Entries provided section start
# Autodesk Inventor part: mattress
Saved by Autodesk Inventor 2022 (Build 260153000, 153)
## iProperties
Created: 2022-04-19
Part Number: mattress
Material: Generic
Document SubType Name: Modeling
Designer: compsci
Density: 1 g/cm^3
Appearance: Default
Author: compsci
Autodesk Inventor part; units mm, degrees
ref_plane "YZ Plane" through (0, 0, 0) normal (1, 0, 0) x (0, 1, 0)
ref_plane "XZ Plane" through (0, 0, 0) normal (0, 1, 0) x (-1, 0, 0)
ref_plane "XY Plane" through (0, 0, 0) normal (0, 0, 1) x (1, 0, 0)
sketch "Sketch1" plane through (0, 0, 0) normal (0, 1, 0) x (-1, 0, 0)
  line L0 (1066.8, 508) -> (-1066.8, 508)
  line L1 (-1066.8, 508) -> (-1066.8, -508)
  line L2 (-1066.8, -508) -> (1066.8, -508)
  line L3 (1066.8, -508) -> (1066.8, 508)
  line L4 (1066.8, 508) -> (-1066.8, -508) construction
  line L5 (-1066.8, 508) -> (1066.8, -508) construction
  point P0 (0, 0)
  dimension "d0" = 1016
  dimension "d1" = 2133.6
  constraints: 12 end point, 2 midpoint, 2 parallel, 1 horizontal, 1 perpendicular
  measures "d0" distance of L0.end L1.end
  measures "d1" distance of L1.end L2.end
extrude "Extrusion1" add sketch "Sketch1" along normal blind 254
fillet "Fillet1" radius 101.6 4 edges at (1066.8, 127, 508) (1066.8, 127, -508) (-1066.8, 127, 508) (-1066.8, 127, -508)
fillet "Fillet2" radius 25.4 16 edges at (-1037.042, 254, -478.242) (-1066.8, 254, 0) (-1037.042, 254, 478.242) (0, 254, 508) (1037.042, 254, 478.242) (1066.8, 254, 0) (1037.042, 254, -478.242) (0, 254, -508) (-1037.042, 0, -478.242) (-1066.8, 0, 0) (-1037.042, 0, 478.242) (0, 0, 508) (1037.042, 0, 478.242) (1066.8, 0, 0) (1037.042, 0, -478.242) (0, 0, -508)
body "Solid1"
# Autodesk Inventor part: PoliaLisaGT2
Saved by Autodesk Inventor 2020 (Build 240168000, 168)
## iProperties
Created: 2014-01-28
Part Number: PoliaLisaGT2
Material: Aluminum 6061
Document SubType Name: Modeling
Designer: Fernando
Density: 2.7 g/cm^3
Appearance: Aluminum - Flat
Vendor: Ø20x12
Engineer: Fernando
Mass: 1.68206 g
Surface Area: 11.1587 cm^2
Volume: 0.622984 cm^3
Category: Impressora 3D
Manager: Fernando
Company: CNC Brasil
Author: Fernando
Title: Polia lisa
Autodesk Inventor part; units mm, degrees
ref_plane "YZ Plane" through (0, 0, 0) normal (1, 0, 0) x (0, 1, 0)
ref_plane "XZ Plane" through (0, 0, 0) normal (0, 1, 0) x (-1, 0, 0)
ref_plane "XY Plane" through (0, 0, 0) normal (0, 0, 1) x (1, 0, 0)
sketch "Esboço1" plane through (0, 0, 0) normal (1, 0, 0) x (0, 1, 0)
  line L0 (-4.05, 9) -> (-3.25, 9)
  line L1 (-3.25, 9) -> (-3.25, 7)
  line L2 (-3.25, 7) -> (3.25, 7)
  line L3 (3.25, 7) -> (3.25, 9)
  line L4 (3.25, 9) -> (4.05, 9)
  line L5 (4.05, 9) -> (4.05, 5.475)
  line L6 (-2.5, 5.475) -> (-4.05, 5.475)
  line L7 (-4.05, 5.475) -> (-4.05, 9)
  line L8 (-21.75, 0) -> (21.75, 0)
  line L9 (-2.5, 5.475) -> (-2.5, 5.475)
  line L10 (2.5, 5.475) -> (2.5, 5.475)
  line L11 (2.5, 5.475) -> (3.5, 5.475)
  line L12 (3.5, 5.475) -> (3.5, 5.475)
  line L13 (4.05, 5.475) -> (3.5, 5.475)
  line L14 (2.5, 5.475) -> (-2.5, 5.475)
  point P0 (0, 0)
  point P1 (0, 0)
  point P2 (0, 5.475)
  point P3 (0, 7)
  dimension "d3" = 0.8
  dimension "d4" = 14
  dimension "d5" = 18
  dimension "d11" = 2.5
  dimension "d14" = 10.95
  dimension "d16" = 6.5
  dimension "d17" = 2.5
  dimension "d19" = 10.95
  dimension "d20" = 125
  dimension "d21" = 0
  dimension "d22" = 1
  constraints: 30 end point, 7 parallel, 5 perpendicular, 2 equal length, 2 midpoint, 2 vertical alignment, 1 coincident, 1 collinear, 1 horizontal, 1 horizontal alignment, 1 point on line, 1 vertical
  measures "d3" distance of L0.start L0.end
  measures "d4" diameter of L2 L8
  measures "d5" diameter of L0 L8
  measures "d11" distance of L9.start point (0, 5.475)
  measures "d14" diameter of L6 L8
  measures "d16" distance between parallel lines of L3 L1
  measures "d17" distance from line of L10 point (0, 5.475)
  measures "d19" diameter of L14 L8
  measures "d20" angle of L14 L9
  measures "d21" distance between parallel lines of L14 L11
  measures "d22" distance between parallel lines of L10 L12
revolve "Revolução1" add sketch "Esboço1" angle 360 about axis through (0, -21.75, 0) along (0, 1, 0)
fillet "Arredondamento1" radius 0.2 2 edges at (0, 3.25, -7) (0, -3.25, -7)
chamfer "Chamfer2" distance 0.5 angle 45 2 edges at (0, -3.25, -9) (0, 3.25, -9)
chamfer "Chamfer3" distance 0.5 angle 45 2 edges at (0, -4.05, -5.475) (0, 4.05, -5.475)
Entries provided section end
• **Aim of the task**:
What is needed is every line from the beginning of the data up to and including the line with "Manager: Fernando", given again word for word.

• **Solution to this exercise**:
# Autodesk Inventor part: mattress
Saved by Autodesk Inventor 2022 (Build 260153000, 153)
## iProperties
Created: 2022-04-19
Part Number: mattress
Material: Generic
Document SubType Name: Modeling
Designer: compsci
Density: 1 g/cm^3
Appearance: Default
Author: compsci
Autodesk Inventor part; units mm, degrees
ref_plane "YZ Plane" through (0, 0, 0) normal (1, 0, 0) x (0, 1, 0)
ref_plane "XZ Plane" through (0, 0, 0) normal (0, 1, 0) x (-1, 0, 0)
ref_plane "XY Plane" through (0, 0, 0) normal (0, 0, 1) x (1, 0, 0)
sketch "Sketch1" plane through (0, 0, 0) normal (0, 1, 0) x (-1, 0, 0)
  line L0 (1066.8, 508) -> (-1066.8, 508)
  line L1 (-1066.8, 508) -> (-1066.8, -508)
  line L2 (-1066.8, -508) -> (1066.8, -508)
  line L3 (1066.8, -508) -> (1066.8, 508)
  line L4 (1066.8, 508) -> (-1066.8, -508) construction
  line L5 (-1066.8, 508) -> (1066.8, -508) construction
  point P0 (0, 0)
  dimension "d0" = 1016
  dimension "d1" = 2133.6
  constraints: 12 end point, 2 midpoint, 2 parallel, 1 horizontal, 1 perpendicular
  measures "d0" distance of L0.end L1.end
  measures "d1" distance of L1.end L2.end
extrude "Extrusion1" add sketch "Sketch1" along normal blind 254
fillet "Fillet1" radius 101.6 4 edges at (1066.8, 127, 508) (1066.8, 127, -508) (-1066.8, 127, 508) (-1066.8, 127, -508)
fillet "Fillet2" radius 25.4 16 edges at (-1037.042, 254, -478.242) (-1066.8, 254, 0) (-1037.042, 254, 478.242) (0, 254, 508) (1037.042, 254, 478.242) (1066.8, 254, 0) (1037.042, 254, -478.242) (0, 254, -508) (-1037.042, 0, -478.242) (-1066.8, 0, 0) (-1037.042, 0, 478.242) (0, 0, 508) (1037.042, 0, 478.242) (1066.8, 0, 0) (1037.042, 0, -478.242) (0, 0, -508)
body "Solid1"
# Autodesk Inventor part: PoliaLisaGT2
Saved by Autodesk Inventor 2020 (Build 240168000, 168)
## iProperties
Created: 2014-01-28
Part Number: PoliaLisaGT2
Material: Aluminum 6061
Document SubType Name: Modeling
Designer: Fernando
Density: 2.7 g/cm^3
Appearance: Aluminum - Flat
Vendor: Ø20x12
Engineer: Fernando
Mass: 1.68206 g
Surface Area: 11.1587 cm^2
Volume: 0.622984 cm^3
Category: Impressora 3D
Manager: Fernando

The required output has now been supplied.